Arizona Archaeological Society

 

 
 

Events

This page shows upcoming events by the State organization, our chapters or of archaeological interest.


Upcoming events

    • 09 Feb 2016
    • 9:30 AM - 4:00 PM
    • V Bar V near Camp Verde

    Trip to V Bar V Heritage Site

    JOIN KEN ZOLL EXECUTIVE DIRECTOR OF VERDE VALLEY ARCHAEOLOGY CENTER

    FOR A TRIP TO THE V-V PETROGLYPH AND HERITAGE SITE

    ON TUESDAY, FEBRUARY 09, 2016 (SAVE THURSDAY FEB 11, WEATHER BACKUP DAY)

    9:30AM TO 11:30AM

    LOCATION: MEET AT V BAR V PARKING AREA

    THIS IS A NO CHARGE EVENT, AAS AND DFC MEMBERS ONLY

    DESERT FOOTHILLS CHAPTER MEMBERS HAVE PRIORITY IN SIGN UP

    MUST BE REGISTER PRIOR TO EVENT

    TO SIGN UP EMAIL MARYK92@AOL.COM

    This is a 2.5 mile hike with some bushwhacking and narrow slippery shale rock areas.  Please know you hiking limitations.  Good hiking shoes are a must and walking sticks suggested.  Ken is showing us the main calendar panel and continuing onward to two additional panels that are not open to the general public.  To minimize environmental impact the hike is limited to 12 members.

    After the trip, we will take a tour of the Verde Valley Archaeology Center (Admission is free, donations accepted and welcome).  There are places to eat lunch in Camp Verde prior to our tour of the “Center” and picnic tables are available in the area.

    **A Red Rock Pass in needed or any America the Beautiful Interagency Pass, Golden Age, and Golden Access cards are accepted and honored in lieu of the Red Rock Pass for Forest recreation in Red Rock Country.  This also includes admission to the very popular Red Rock Country Heritage Sites: Palatki Ruins and Rock Art site, Honanki Ruins site and V-Bar-V Heritage site.  These passes are available for purchased at many commercial vendors, government offices, and/or machines throughout the area.

    • 10 Feb 2016
    • 7:00 PM - 9:00 PM
    • Foothills Community Foundation (Holland Community Center) 34250 North 60th Street, Building B, Scottsdale AZ 85266 (just south of Carefree Highway)

    NOTE: Revised location due to Ash Wednesday at normal church community room location!

    Tales from the Dark Side: Cave Archaeology in Western Belize and its Implications for the Decline of Maya Civilization by Dr.

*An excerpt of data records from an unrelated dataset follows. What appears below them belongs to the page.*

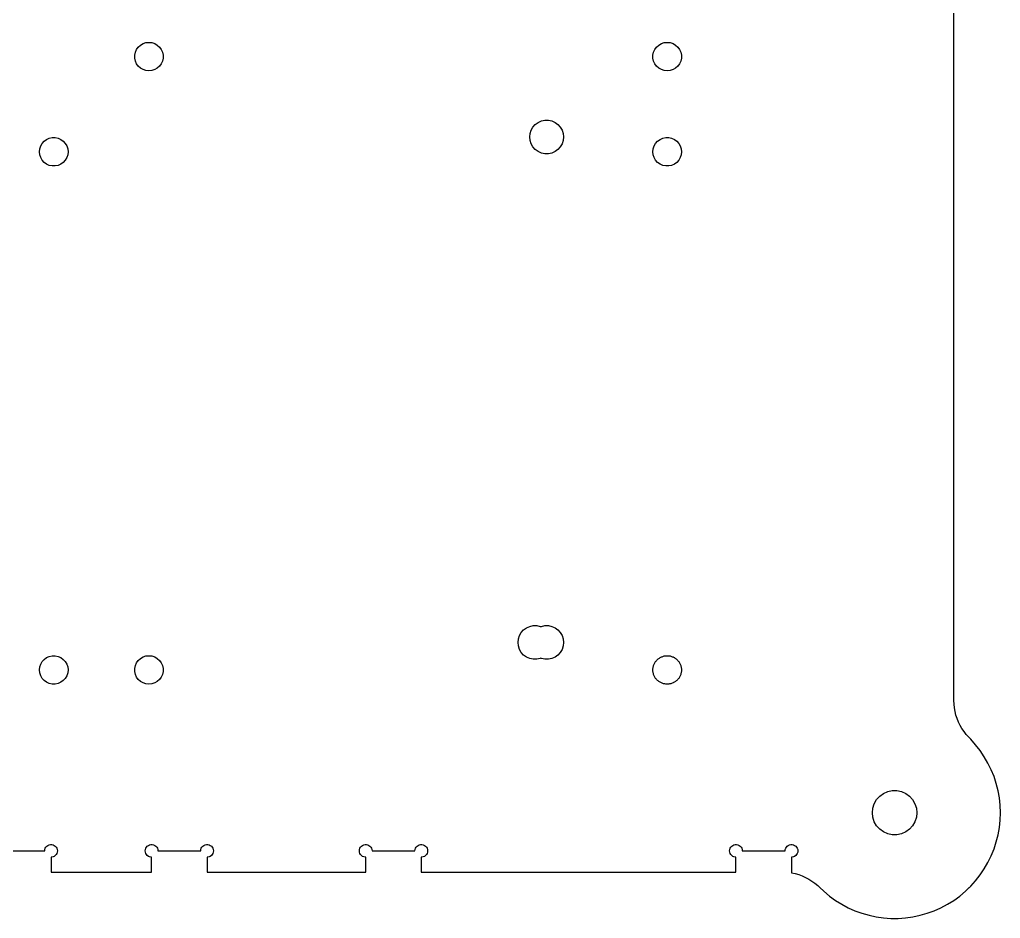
# Model space of a CAD drawing. Header units: metres. Extents: x -10 to 160, y -10 to 160.
# Drawn here: x 67.3 to 160, y -10 to 75 of the extents above; entities that cross this region are included whole.
import ezdxf

# ---------------------------------------------------------------- set-up
doc = ezdxf.new("R2010")
doc.units = ezdxf.units.M

msp = doc.modelspace()

# ---------------------------------------------------------------- linework, layer by layer
for p, q in [((155.607, 10.6066), (155.607, 139.393)), ((78.3309, 72.175), (78.4968, 72.4033)), ((78.4968, 72.4033), (78.7065, 72.5922)), ((78.7065, 72.5922), (78.9509, 72.7333)), ((78.9509, 72.7333), (79.2193, 72.8205)), ((79.2193, 72.8205), (79.5, 72.85)), ((79.5, 72.85), (79.7807, 72.8205)), ((79.7807, 72.8205), (80.0491, 72.7333)), ((80.0491, 72.7333), (80.2935, 72.5922)), ((80.2935, 72.5922), (80.5033, 72.4033)), ((80.5033, 72.4033), (80.6691, 72.175)), ((127.331, 72.175), (127.497, 72.4033)), ((127.497, 72.4033), (127.706, 72.5922)), ((127.706, 72.5922), (127.951, 72.7333)), ((127.951, 72.7333), (128.219, 72.8205)), ((128.219, 72.8205), (128.5, 72.85)), ((128.5, 72.85), (128.781, 72.8205)), ((128.781, 72.8205), (129.049, 72.7333)), ((129.049, 72.7333), (129.294, 72.5922)), ((129.294, 72.5922), (129.503, 72.4033)), ((129.503, 72.4033), (129.669, 72.175)), ((78.1574, 71.6411), (78.2161, 71.9172)), ((78.1574, 71.3589), (78.1574, 71.6411)), ((78.2161, 71.9172), (78.3309, 72.175)), ((80.6691, 72.175), (80.7839, 71.9172)), ((80.7839, 71.9172), (80.8426, 71.6411)), ((80.8426, 71.6411), (80.8426, 71.3589)), ((127.157, 71.6411), (127.216, 71.9172)), ((127.157, 71.3589), (127.157, 71.6411)), ((127.216, 71.9172), (127.331, 72.175)), ((129.669, 72.175), (129.784, 71.9172)), ((129.784, 71.9172), (129.843, 71.6411)), ((129.843, 71.6411), (129.843, 71.3589)), ((78.2161, 71.0828), (78.1574, 71.3589)), ((78.3309, 70.825), (78.2161, 71.0828)), ((78.4968, 70.5967), (78.3309, 70.825)), ((78.7065, 70.4078), (78.4968, 70.5967)), ((80.5033, 70.5967), (80.2935, 70.4078)), ((80.6691, 70.825), (80.5033, 70.5967)), ((80.7839, 71.0828), (80.6691, 70.825)), ((80.8426, 71.3589), (80.7839, 71.0828)), ((127.216, 71.0828), (127.157, 71.3589)), ((127.331, 70.825), (127.216, 71.0828)), ((127.497, 70.5967), (127.331, 70.825)), ((127.706, 70.4078), (127.497, 70.5967)), ((129.503, 70.5967), (129.294, 70.4078)), ((129.669, 70.825), (129.503, 70.5967)), ((129.784, 71.0828), (129.669, 70.825)), ((129.843, 71.3589), (129.784, 71.0828)), ((78.9509, 70.2667), (78.7065, 70.4078)), ((79.2193, 70.1795), (78.9509, 70.2667)), ((79.5, 70.15), (79.2193, 70.1795)), ((79.7807, 70.1795), (79.5, 70.15)), ((80.0491, 70.2667), (79.7807, 70.1795)), ((80.2935, 70.4078), (80.0491, 70.2667)), ((127.951, 70.2667), (127.706, 70.4078)), ((128.219, 70.1795), (127.951, 70.2667)), ((128.5, 70.15), (128.219, 70.1795)), ((128.781, 70.1795), (128.5, 70.15)), ((129.049, 70.2667), (128.781, 70.1795)), ((129.294, 70.4078), (129.049, 70.2667)), ((115.806, 64.8405), (116.029, 65.089)), ((116.029, 65.089), (116.3, 65.2856)), ((116.3, 65.2856), (116.606, 65.4217)), ((116.606, 65.4217), (116.933, 65.4912)), ((116.933, 65.4912), (117.267, 65.4912)), ((117.267, 65.4912), (117.594, 65.4217)), ((117.594, 65.4217), (117.9, 65.2856)), ((117.9, 65.2856), (118.171, 65.089)), ((118.171, 65.089), (118.394, 64.8405)), ((115.5, 63.9), (115.535, 64.2327)), ((115.535, 64.2327), (115.638, 64.5508)), ((115.638, 64.5508), (115.806, 64.8405)), ((118.394, 64.8405), (118.562, 64.5508)), ((118.562, 64.5508), (118.665, 64.2327)), ((118.665, 64.2327), (118.7, 63.9)), ((69.2667, 63.0491), (69.4078, 63.2935)), ((69.4078, 63.2935), (69.5967, 63.5032)), ((69.5967, 63.5032), (69.825, 63.6691)), ((69.825, 63.6691), (70.0828, 63.7839)), ((70.0828, 63.7839), (70.3589, 63.8426)), ((70.3589, 63.8426), (70.6411, 63.8426)), ((70.6411, 63.8426), (70.9172, 63.7839)), ((70.9172, 63.7839), (71.175, 63.6691)), ((71.175, 63.6691), (71.4033, 63.5032)), ((71.4033, 63.5032), (71.5922, 63.2935)), ((71.5922, 63.2935), (71.7333, 63.0491)), ((115.535, 63.5673), (115.5, 63.9)), ((115.638, 63.2492), (115.535, 63.5673)), ((115.806, 62.9595), (115.638, 63.2492)), ((118.562, 63.2492), (118.394, 62.9595)), ((118.665, 63.5673), (118.562, 63.2492)), ((118.7, 63.9), (118.665, 63.5673)), ((127.267, 63.0491), (127.408, 63.2935)), ((127.408, 63.2935), (127.597, 63.5032)), ((127.597, 63.5032), (127.825, 63.6691)), ((127.825, 63.6691), (128.083, 63.7839)), ((128.083, 63.7839), (128.359, 63.8426)), ((128.359, 63.8426), (128.641, 63.8426)), ((128.641, 63.8426), (128.917, 63.7839)), ((128.917, 63.7839), (129.175, 63.6691)), ((129.175, 63.6691), (129.403, 63.5032)), ((129.403, 63.5032), (129.592, 63.2935)), ((129.592, 63.2935), (129.733, 63.0491)), ((69.15, 62.5), (69.1795, 62.7807)), ((69.1795, 62.2193), (69.15, 62.5)), ((69.1795, 62.7807), (69.2667, 63.0491)), ((69.2667, 61.9509), (69.1795, 62.2193)), ((71.7333, 63.0491), (71.8205, 62.7807)), ((71.8205, 62.2193), (71.7333, 61.9509)), ((71.8205, 62.7807), (71.85, 62.5)), ((71.85, 62.5), (71.8205, 62.2193)), ((116.029, 62.711), (115.806, 62.9595)), ((116.3, 62.5144), (116.029, 62.711)), ((116.606, 62.3783), (116.3, 62.5144)), ((116.933, 62.3088), (116.606, 62.3783)), ((117.267, 62.3088), (116.933, 62.3088)), ((117.594, 62.3783), (117.267, 62.3088)), ((117.9, 62.5144), (117.594, 62.3783)), ((118.171, 62.711), (117.9, 62.5144)), ((118.394, 62.9595), (118.171, 62.711)), ((127.15, 62.5), (127.179, 62.7807)), ((127.179, 62.2193), (127.15, 62.5)), ((127.179, 62.7807), (127.267, 63.0491)), ((127.267, 61.9509), (127.179, 62.2193)), ((129.733, 63.0491), (129.82, 62.7807)), ((129.82, 62.2193), (129.733, 61.9509)), ((129.82, 62.7807), (129.85, 62.5)), ((129.85, 62.5), (129.82, 62.2193)), ((69.4078, 61.7065), (69.2667, 61.9509)), ((69.5967, 61.4967), (69.4078, 61.7065)), ((69.825, 61.3309), (69.5967, 61.4967)), ((70.0828, 61.2161), (69.825, 61.3309)), ((70.3589, 61.1574), (70.0828, 61.2161)), ((70.9172, 61.2161), (70.6411, 61.1574)), ((71.175, 61.3309), (70.9172, 61.2161)), ((71.4033, 61.4967), (71.175, 61.3309)), ((71.5922, 61.7065), (71.4033, 61.4967)), ((71.7333, 61.9509), (71.5922, 61.7065)), ((127.408, 61.7065), (127.267, 61.9509)), ((127.597, 61.4967), (127.408, 61.7065)), ((127.825, 61.3309), (127.597, 61.4967)), ((128.083, 61.2161), (127.825, 61.3309)), ((128.359, 61.1574), (128.083, 61.2161)), ((128.917, 61.2161), (128.641, 61.1574)), ((129.175, 61.3309), (128.917, 61.2161)), ((129.403, 61.4967), (129.175, 61.3309)), ((129.592, 61.7065), (129.403, 61.4967)), ((129.733, 61.9509), (129.592, 61.7065)), ((70.6411, 61.1574), (70.3589, 61.1574)), ((128.641, 61.1574), (128.359, 61.1574)), ((115.2, 17.4856), (115.506, 17.6217)), ((115.506, 17.6217), (115.833, 17.6912)), ((115.833, 17.6912), (116.167, 17.6912)), ((116.167, 17.6912), (116.494, 17.6217)), ((116.494, 17.6217), (116.55, 17.5969)), ((116.55, 17.5969), (116.606, 17.6217)), ((116.606, 17.6217), (116.933, 17.6912)), ((116.933, 17.6912), (117.267, 17.6912)), ((117.267, 17.6912), (117.594, 17.6217)), ((117.594, 17.6217), (117.9, 17.4856)), ((114.435, 16.4326), (114.538, 16.7508)), ((114.538, 16.7508), (114.706, 17.0405)), ((114.706, 17.0405), (114.929, 17.289)), ((114.929, 17.289), (115.2, 17.4856)), ((117.9, 17.4856), (118.171, 17.289)), ((118.171, 17.289), (118.394, 17.0405)), ((118.394, 17.0405), (118.562, 16.7508)), ((118.562, 16.7508), (118.665, 16.4326)), ((114.4, 16.1), (114.435, 16.4326)), ((114.435, 15.7673), (114.4, 16.1)), ((114.538, 15.4492), (114.435, 15.7673)), ((118.665, 15.7673), (118.562, 15.4492)), ((118.665, 16.4326), (118.7, 16.1)), ((118.7, 16.1), (118.665, 15.7673)), ((70.0828, 14.7839), (70.3589, 14.8426)), ((70.3589, 14.8426), (70.6411, 14.8426)), ((70.6411, 14.8426), (70.9172, 14.7839)), ((79.2193, 14.8205), (79.5, 14.85)), ((79.5, 14.85), (79.7807, 14.8205)), ((114.706, 15.1595), (114.538, 15.4492)), ((114.929, 14.911), (114.706, 15.1595)), ((115.2, 14.7144), (114.929, 14.911)), ((118.171, 14.911), (117.9, 14.7144)), ((118.394, 15.1595), (118.171, 14.911)), ((118.562, 15.4492), (118.394, 15.1595)), ((128.29, 14.8279), (128.359, 14.8426)), ((128.359, 14.8426), (128.43, 14.8426)), ((128.43, 14.8426), (128.5, 14.85)), ((128.5, 14.85), (128.57, 14.8426)), ((128.57, 14.8426), (128.641, 14.8426)), ((128.641, 14.8426), (128.71, 14.8279)), ((69.1795, 13.7807), (69.2667, 14.0491)), ((69.2667, 14.0491), (69.4078, 14.2935)), ((69.4078, 14.2935), (69.5967, 14.5032)), ((69.5967, 14.5032), (69.825, 14.6691)), ((69.825, 14.6691), (70.0828, 14.7839)), ((70.9172, 14.7839), (71.175, 14.6691)), ((71.175, 14.6691), (71.4033, 14.5032)), ((71.4033, 14.5032), (71.5922, 14.2935)), ((71.5922, 14.2935), (71.7333, 14.0491)), ((71.7333, 14.0491), (71.8205, 13.7807)), ((78.1574, 13.6411), (78.2161, 13.9172)), ((78.2161, 13.9172), (78.3309, 14.175)), ((78.3309, 14.175), (78.4968, 14.4033)), ((78.4968, 14.4033), (78.7065, 14.5922)), ((78.7065, 14.5922), (78.9509, 14.7333)), ((78.9509, 14.7333), (79.2193, 14.8205)), ((79.7807, 14.8205), (80.0491, 14.7333)), ((80.0491, 14.7333), (80.2935, 14.5922)), ((80.2935, 14.5922), (80.5033, 14.4033)), ((80.5033, 14.4033), (80.6691, 14.175)), ((80.6691, 14.175), (80.7839, 13.9172)), ((80.7839, 13.9172), (80.8426, 13.6411)), ((115.506, 14.5783), (115.2, 14.7144)), ((115.833, 14.5088), (115.506, 14.5783)), ((116.167, 14.5088), (115.833, 14.5088)), ((116.494, 14.5783), (116.167, 14.5088)), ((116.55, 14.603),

Jaime Awe. 

    In Maya cosmology, few locations were (and are) considered more sacred or ritually charged than caves.  Representing portals to the netherworld and places of origin, these dark subterranean sites also served as the abode for important, powerful, and often capricious deities.  The Maya further believed that the spirits of deceased ancestors descended to the watery underworld where they could eventually be reborn.  Caves were thus places of death and creation because of their sacredness both the ancient Maya and their descendants visited and visit these sites to conduct rituals.  Until recently, intensive scientific investigations of cave sites are rare.  In an effort to address the latter bias, the Western Belize Regional Cave Project embarked on a multi-year research program designed to ascertain the nature of Maya cave utilization.  By combining ethnographic and ethnohistoric information with data from archaeological investigations, this presentation provides evidence which suggests that the Maya visited caves in an effort to communicate with particular gods or ancestral spirits and the primary focus of their ritual activities were directed toward sustenance and agricultural fertility, and that intensified cave ritual in the ninth century A.D. was intrinsically related to factors that led to the decline of Maya civilization.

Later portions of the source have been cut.